__Your assignment__.
Please copy every line with the string "Vout" from the entries below.

Items from a dataset
◇ ◇ ◇
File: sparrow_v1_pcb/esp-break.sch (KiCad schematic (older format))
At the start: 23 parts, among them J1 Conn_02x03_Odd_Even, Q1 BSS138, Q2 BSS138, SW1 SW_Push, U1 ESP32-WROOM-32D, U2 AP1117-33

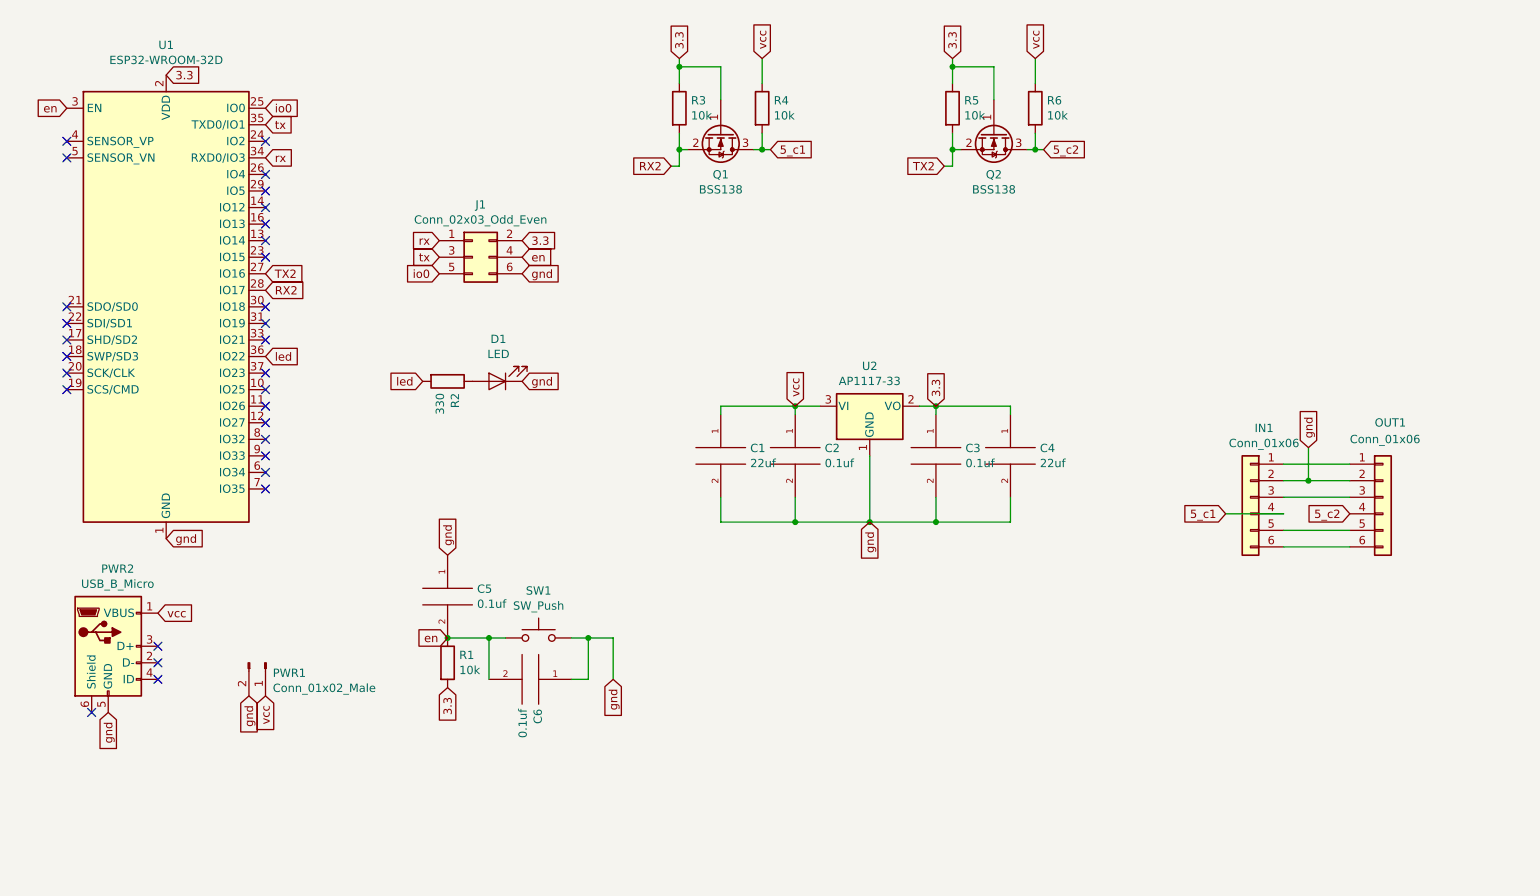
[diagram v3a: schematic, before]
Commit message: Added buck converter and routing
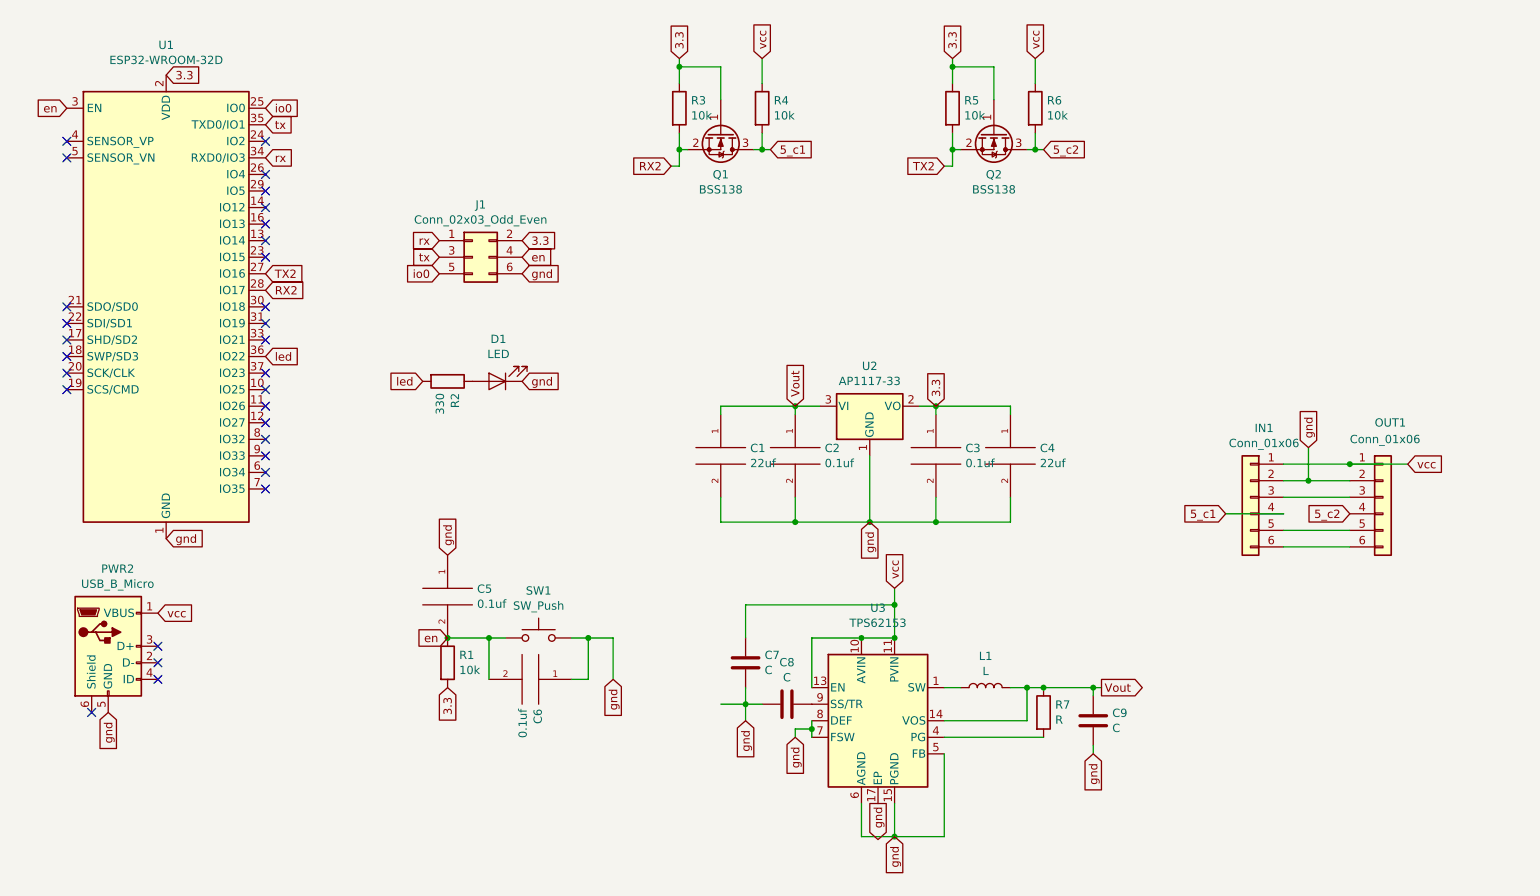
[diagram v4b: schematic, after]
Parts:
- removed PWR1: Conn_01x02_Male, Connector_PinHeader_2.54mm:PinHeader_1x02_P2.54mm_Vertical, symbol Connector:Conn_01x02_Male
- added C7: C, Capacitor_SMD:C_1210_3225Metric, symbol Device:C
- added C8: C, Capacitor_SMD:C_0201_0603Metric, symbol Device:C
- added C9: C, Capacitor_SMD:C_0805_2012Metric, symbol Device:C
- added L1: L, Inductor_SMD:L_Coilcraft_XxL4020, symbol Device:L
- added R7: R, Resistor_SMD:R_0603_1608Metric, symbol Device:R
- added U3: TPS62153, Package_DFN_QFN:VQFN-16-1EP_3x3mm_P0.5mm_EP1.68x1.68mm_ThermalVias, symbol Regulator_Switching:TPS62153
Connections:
- net gnd: now also C7.2, C8.2, C9.2, U3.15 (PGND), U3.16 (PGND), U3.17 (EP), U3.5 (FB), U3.6 (AGND), U3.7 (FSW), U3.8 (DEF)
- net vcc: now also IN1.1 (Pin_1), OUT1.1 (Pin_1), C7.1, U3.10 (AVIN), U3.11 (PVIN), U3.12 (PVIN), U3.13 (EN); no longer C1.1, C2.1, U2.3 (VI)
- new net: L1.1, U3.1 (SW), U3.2 (SW), U3.3 (SW)
- new net: R7.2, U3.4 (PG)
- new net: C8.1, U3.9 (SS/TR)
- new net Vout: C1.1, C2.1, C9.1, L1.2, R7.1, U2.3 (VI), U3.14 (VOS)
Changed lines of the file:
@@
 gnd
 Text GLabel 6400 2800 1    50   Input ~ 0
-vcc
+Vout
 Text GLabel 2600 800  2    50   Input ~ 0
 3.3
@@
 	9350 3350 9750 3350
 Text GLabel 9500 3050 1    50   Input ~ 0
-gnd
-$Comp
-L Connector:Conn_01x02_Male PWR1
-U 1 1 5DCB9F6F
-P 3200 4350
-F 0 "PWR1" V 3262 4394 50  0000 L CNN
-F 1 "Conn_01x02_Male" V 3353 4394 50  0000 L CNN
-F 2 "Connector_PinHeader_2.54mm:PinHeader_1x02_P2.54mm_Vertical" H 3200 4350 50  0001 C CNN
-F 3 "~" H 3200 4350 50  0001 C CNN
-	1    3200 4350
-	0    1    1    0
-$EndComp
-Text GLabel 3200 4550 3    50   Input ~ 0
-vcc
-Text GLabel 3100 4550 3    50   Input ~ 0
 gnd
 $Comp
@@
 NoConn ~ 2000 2600
 NoConn ~ 2000 2700
+$Comp
+L Regulator_Switching:TPS62153 U3
+U 1 1 5F00BF3A
+P 6900 4700
+F 0 "U3" H 6900 5381 50  0000 C CNN
+F 1 "TPS62153" H 6900 5290 50  0000 C CNN
+F 2 "Package_DFN_QFN:VQFN-16-1EP_3x3mm_P0.5mm_EP1.68x1.68mm_ThermalVias" H 7050 4250 50  0001 L CNN
+F 3 "http://www.ti.com/lit/ds/symlink/TPS62150.pdf" H 6900 4700 50  0001 C CNN
+	1    6900 4700
+	1    0    0    -1
+$EndComp
+Text GLabel 7000 3900 1    50   Input ~ 0
+vcc
+Wire Wire Line
+	6500 4500 6500 4200
+Wire Wire Line
+	6500 4200 6800 4200
+Wire Wire Line
+	6800 4200 7000 4200
+Connection ~ 6800 4200
+Wire Wire Line
+	7000 4200 7000 4000
+Connection ~ 7000 4200
+$Comp
+L Device:C C8
+U 1 1 5F0139AE
+P 6350 4600
+F 0 "C8" V 6098 4600 50  0000 C CNN
+F 1 "C" V 6189 4600 50  0000 C CNN
+F 2 "Capacitor_SMD:C_0201_0603Metric" H 6388 4450 50  0001 C CNN
+F 3 "~" H 6350 4600 50  0001 C CNN
+	1    6350 4600
+	0    1    1    0
+$EndComp
+Wire Wire Line
+	6200 4600 6100 4600
+Text GLabel 6100 4700 3    50   Input ~ 0
+gnd
+Wire Wire Line
+	6100 4700 6100 4600
+Connection ~ 6100 4600
+Wire Wire Line
+	6100 4600 5950 4600
+$Comp
+L Device:C C7
+U 1 1 5F0181AC
+P 6100 4350
+F 0 "C7" H 6215 4396 50  0000 L CNN
+F 1 "C" H 6215 4305 50  0000 L CNN
+F 2 "Capacitor_SMD:C_1210_3225Metric" H 6138 4200 50  0001 C CNN
+F 3 "~" H 6100 4350 50  0001 C CNN
+	1    6100 4350
+	1    0    0    -1
+$EndComp
+Wire Wire Line
+	6100 4500 6100 4600
+Wire Wire Line
+	6100 4200 6100 4000
+Wire Wire Line
+	6100 4000 7000 4000
+Connection ~ 7000 4000
+Wire Wire Line
+	7000 4000 7000 3900
+Wire Wire Line
+	6500 4700 6500 4750
+Wire Wire Line
+	6500 4750 6400 4750
+Wire Wire Line
+	6400 4750 6400 4800
+Connection ~ 6500 4750
+Wire Wire Line
+	6500 4750 6500 4800
+Text GLabel 6400 4800 3    50   Input ~ 0
+gnd
+Wire Wire Line
+	6800 5200 6800 5400
+Wire Wire Line
+	6800 5400 7000 5400
+Wire Wire Line
+	7000 5400 7000 5200
+Wire Wire Line
+	7300 4900 7300 5400
+Wire Wire Line
+	7300 5400 7000 5400
+Connection ~ 7000 5400
+Text GLabel 7000 5400 3    50   Input ~ 0
+gnd
+Wire Wire Line
+	7300 4700 7800 4700
+Wire Wire Line
+	7800 4700 7800 4500
+$Comp
+L Device:R R7
+U 1 1 5F02689D
+P 7900 4650
+F 0 "R7" H 7970 4696 50  0000 L CNN
+F 1 "R" H 7970 4605 50  0000 L CNN
+F 2 "Resistor_SMD:R_0603_1608Metric" V 7830 4650 50  0001 C CNN
+F 3 "~" H 7900 4650 50  0001 C CNN
+	1    7900 4650
+	1    0    0    -1
+$EndComp
+Wire Wire Line
+	7300 4800 7900 4800
+Wire Wire Line
+	7800 4500 7900 4500
+Wire Wire Line
+	7900 4500 8200 4500
+Connection ~ 7900 4500
+$Comp
+L Device:C C9
+U 1 1 5F02D11A
+P 8200 4700
+F 0 "C9" H 8315 4746 50  0000 L CNN
+F 1 "C" H 8315 4655 50  0000 L CNN
+F 2 "Capacitor_SMD:C_0805_2012Metric" H 8238 4550 50  0001 C CNN
+F 3 "~" H 8200 4700 50  0001 C CNN
+	1    8200 4700
+	1    0    0    -1
+$EndComp
+Wire Wire Line
+	8200 4500 8200 4550
+Text GLabel 8200 4900 3    50   Input ~ 0
+gnd
+Wire Wire Line
+	8200 4850 8200 4900
+$Comp
+L Device:L L1
+U 1 1 5F032225
+P 7550 4500
+F 0 "L1" V 7740 4500 50  0000 C CNN
+F 1 "L" V 7649 4500 50  0000 C CNN
+F 2 "Inductor_SMD:L_Coilcraft_XxL4020" H 7550 4500 50  0001 C CNN
+F 3 "~" H 7550 4500 50  0001 C CNN
+	1    7550 4500
+	0    -1   -1   0
+$EndComp
+Wire Wire Line
+	7300 4500 7400 4500
+Wire Wire Line
+	7700 4500 7800 4500
+Connection ~ 7800 4500
+Text GLabel 8250 4500 2    50   Output ~ 0
+Vout
+Wire Wire Line
+	8200 4500 8250 4500
+Connection ~ 8200 4500
+Text GLabel 6900 5200 3    50   Output ~ 0
+gnd
+Text GLabel 10100 3150 2    50   Input ~ 0
+vcc
+Wire Wire Line
+	9750 3150 10100 3150
+Connection ~ 9750 3150
 $EndSCHEMATC

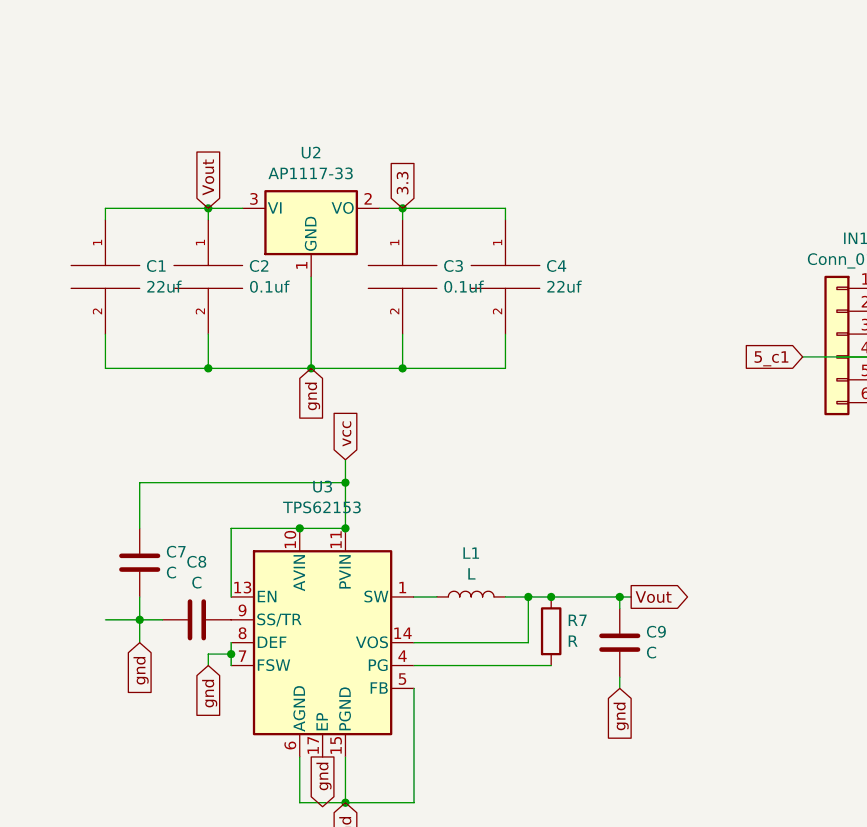
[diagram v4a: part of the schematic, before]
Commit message: added new component to schematic: LDO from ST
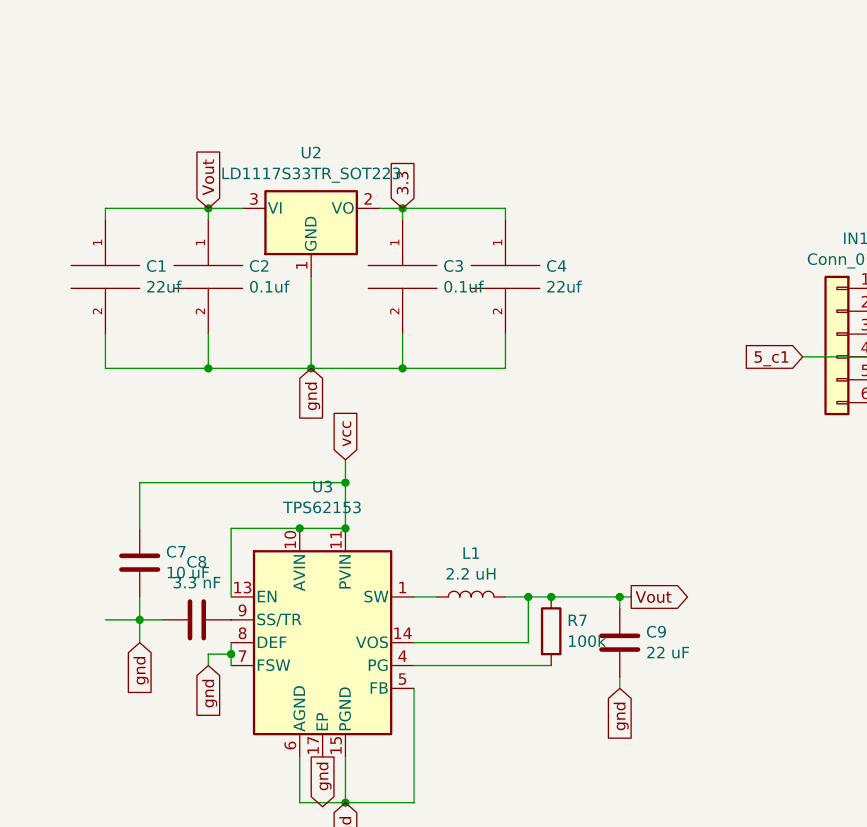
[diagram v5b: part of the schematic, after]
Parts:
- removed U2: AP1117-33, Package_TO_SOT_SMD:SOT-223-3_TabPin2, symbol Regulator_Linear:AP1117-33
- added U2: LD1117S33TR_SOT223, Package_TO_SOT_SMD:SOT-223-3_TabPin2, symbol Regulator_Linear:LD1117S33TR_SOT223
- C1, C2, C3, C4, C5, C6: footprint Capacitor_SMD:C_0201_0603Metric -> Capacitor_SMD:C_0402_1005Metric
- C7: value C -> 10 uF
- C8: value C -> 3.3 nF; footprint Capacitor_SMD:C_0201_0603Metric -> Capacitor_SMD:C_0402_1005Metric
- C9: value C -> 22 uF
- D1: footprint LED_SMD:LED_0201_0603Metric -> LED_SMD:LED_0402_1005Metric
- L1: value L -> 2.2 uH
- R7: value R -> 100k; footprint Resistor_SMD:R_0603_1608Metric -> Resistor_SMD:R_0201_0603Metric
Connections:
- net 3.3: now also U2.2 (VO)
- net Vout: now also U2.3 (VI)
- net gnd: now also U2.1 (GND)
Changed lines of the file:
@@
 	9750 3550 9350 3550
-$Comp
-L Regulator_Linear:AP1117-33 U2
-U 1 1 5DB9A6F8
-P 6850 2800
-F 0 "U2" H 6850 3042 50  0000 C CNN
-F 1 "AP1117-33" H 6850 2951 50  0000 C CNN
-F 2 "Package_TO_SOT_SMD:SOT-223-3_TabPin2" H 6850 3000 50  0001 C CNN
-F 3 "http://www.diodes.com/datasheets/AP1117.pdf" H 6950 2550 50  0001 C CNN
-	1    6850 2800
-	1    0    0    -1
-$EndComp
 $Comp
 L pspice:C C2
@@
 F 0 "C2" H 6578 3146 50  0000 L CNN
 F 1 "0.1uf" H 6578 3055 50  0000 L CNN
-F 2 "Capacitor_SMD:C_0201_0603Metric" H 6400 3100 50  0001 C CNN
+F 2 "Capacitor_SMD:C_0402_1005Metric" H 6400 3100 50  0001 C CNN
 F 3 "~" H 6400 3100 50  0001 C CNN
 	1    6400 3100
@@
 F 0 "C1" H 6128 3146 50  0000 L CNN
 F 1 "22uf" H 6128 3055 50  0000 L CNN
-F 2 "Capacitor_SMD:C_0201_0603Metric" H 5950 3100 50  0001 C CNN
+F 2 "Capacitor_SMD:C_0402_1005Metric" H 5950 3100 50  0001 C CNN
 F 3 "~" H 5950 3100 50  0001 C CNN
 	1    5950 3100
@@
 F 0 "C4" H 7878 3146 50  0000 L CNN
 F 1 "22uf" H 7878 3055 50  0000 L CNN
-F 2 "Capacitor_SMD:C_0201_0603Metric" H 7700 3100 50  0001 C CNN
+F 2 "Capacitor_SMD:C_0402_1005Metric" H 7700 3100 50  0001 C CNN
 F 3 "~" H 7700 3100 50  0001 C CNN
 	1    7700 3100
@@
 F 0 "C3" H 7428 3146 50  0000 L CNN
 F 1 "0.1uf" H 7428 3055 50  0000 L CNN
-F 2 "Capacitor_SMD:C_0201_0603Metric" H 7250 3100 50  0001 C CNN
+F 2 "Capacitor_SMD:C_0402_1005Metric" H 7250 3100 50  0001 C CNN
 F 3 "~" H 7250 3100 50  0001 C CNN
 	1    7250 3100
@@
 F 0 "D1" H 4593 2395 50  0000 C CNN
 F 1 "LED" H 4593 2486 50  0000 C CNN
-F 2 "LED_SMD:LED_0201_0603Metric" H 4600 2650 50  0001 C CNN
+F 2 "LED_SMD:LED_0402_1005Metric" H 4600 2650 50  0001 C CNN
 F 3 "~" H 4600 2650 50  0001 C CNN
 	1    4600 2650
@@
 F 0 "C5" H 4478 3996 50  0000 L CNN
 F 1 "0.1uf" H 4478 3905 50  0000 L CNN
-F 2 "Capacitor_SMD:C_0201_0603Metric" H 4300 3950 50  0001 C CNN
+F 2 "Capacitor_SMD:C_0402_1005Metric" H 4300 3950 50  0001 C CNN
 F 3 "~" H 4300 3950 50  0001 C CNN
 	1    4300 3950
@@
 F 0 "C6" H 4978 4496 50  0000 L CNN
 F 1 "0.1uf" H 4978 4405 50  0000 L CNN
-F 2 "Capacitor_SMD:C_0201_0603Metric" H 4800 4450 50  0001 C CNN
+F 2 "Capacitor_SMD:C_0402_1005Metric" H 4800 4450 50  0001 C CNN
 F 3 "~" H 4800 4450 50  0001 C CNN
 	1    4800 4450
@@
 P 6350 4600
 F 0 "C8" V 6098 4600 50  0000 C CNN
-F 1 "C" V 6189 4600 50  0000 C CNN
-F 2 "Capacitor_SMD:C_0201_0603Metric" H 6388 4450 50  0001 C CNN
+F 1 "3.3 nF" V 6189 4600 50  0000 C CNN
+F 2 "Capacitor_SMD:C_0402_1005Metric" H 6388 4450 50  0001 C CNN
 F 3 "~" H 6350 4600 50  0001 C CNN
 	1    6350 4600
@@
 P 6100 4350
 F 0 "C7" H 6215 4396 50  0000 L CNN
-F 1 "C" H 6215 4305 50  0000 L CNN
+F 1 "10 uF" H 6215 4305 50  0000 L CNN
 F 2 "Capacitor_SMD:C_1210_3225Metric" H 6138 4200 50  0001 C CNN
 F 3 "~" H 6100 4350 50  0001 C CNN
@@
 P 7900 4650
 F 0 "R7" H 7970 4696 50  0000 L CNN
-F 1 "R" H 7970 4605 50  0000 L CNN
-F 2 "Resistor_SMD:R_0603_1608Metric" V 7830 4650 50  0001 C CNN
+F 1 "100k" H 7970 4605 50  0000 L CNN
+F 2 "Resistor_SMD:R_0201_0603Metric" V 7830 4650 50  0001 C CNN
 F 3 "~" H 7900 4650 50  0001 C CNN
 	1    7900 4650
@@
 P 8200 4700
 F 0 "C9" H 8315 4746 50  0000 L CNN
-F 1 "C" H 8315 4655 50  0000 L CNN
+F 1 "22 uF" H 8315 4655 50  0000 L CNN
 F 2 "Capacitor_SMD:C_0805_2012Metric" H 8238 4550 50  0001 C CNN
 F 3 "~" H 8200 4700 50  0001 C CNN
@@
 P 7550 4500
 F 0 "L1" V 7740 4500 50  0000 C CNN
-F 1 "L" V 7649 4500 50  0000 C CNN
+F 1 "2.2 uH" V 7649 4500 50  0000 C CNN
 F 2 "Inductor_SMD:L_Coilcraft_XxL4020" H 7550 4500 50  0001 C CNN
 F 3 "~" H 7550 4500 50  0001 C CNN
@@
 	9750 3150 10100 3150
 Connection ~ 9750 3150
+$Comp
+L Regulator_Linear:LD1117S33TR_SOT223 U2
+U 1 1 5F0B3AAC
+P 6850 2800
+F 0 "U2" H 6850 3042 50  0000 C CNN
+F 1 "LD1117S33TR_SOT223" H 6850 2951 50  0000 C CNN
+F 2 "Package_TO_SOT_SMD:SOT-223-3_TabPin2" H 6850 3000 50  0001 C CNN
+F 3 "http://www.st.com/st-web-ui/static/active/en/resource/technical/document/datasheet/CD00000544.pdf" H 6950 2550 50  0001 C CNN
+	1    6850 2800
+	1    0    0    -1
+$EndComp
 $EndSCHEMATC
◇ ◇ ◇
__Solution to this problem__.
- new net Vout: C1.1, C2.1, C9.1, L1.2, R7.1, U2.3 (VI), U3.14 (VOS)
+Vout
+Vout
- net Vout: now also U2.3 (VI)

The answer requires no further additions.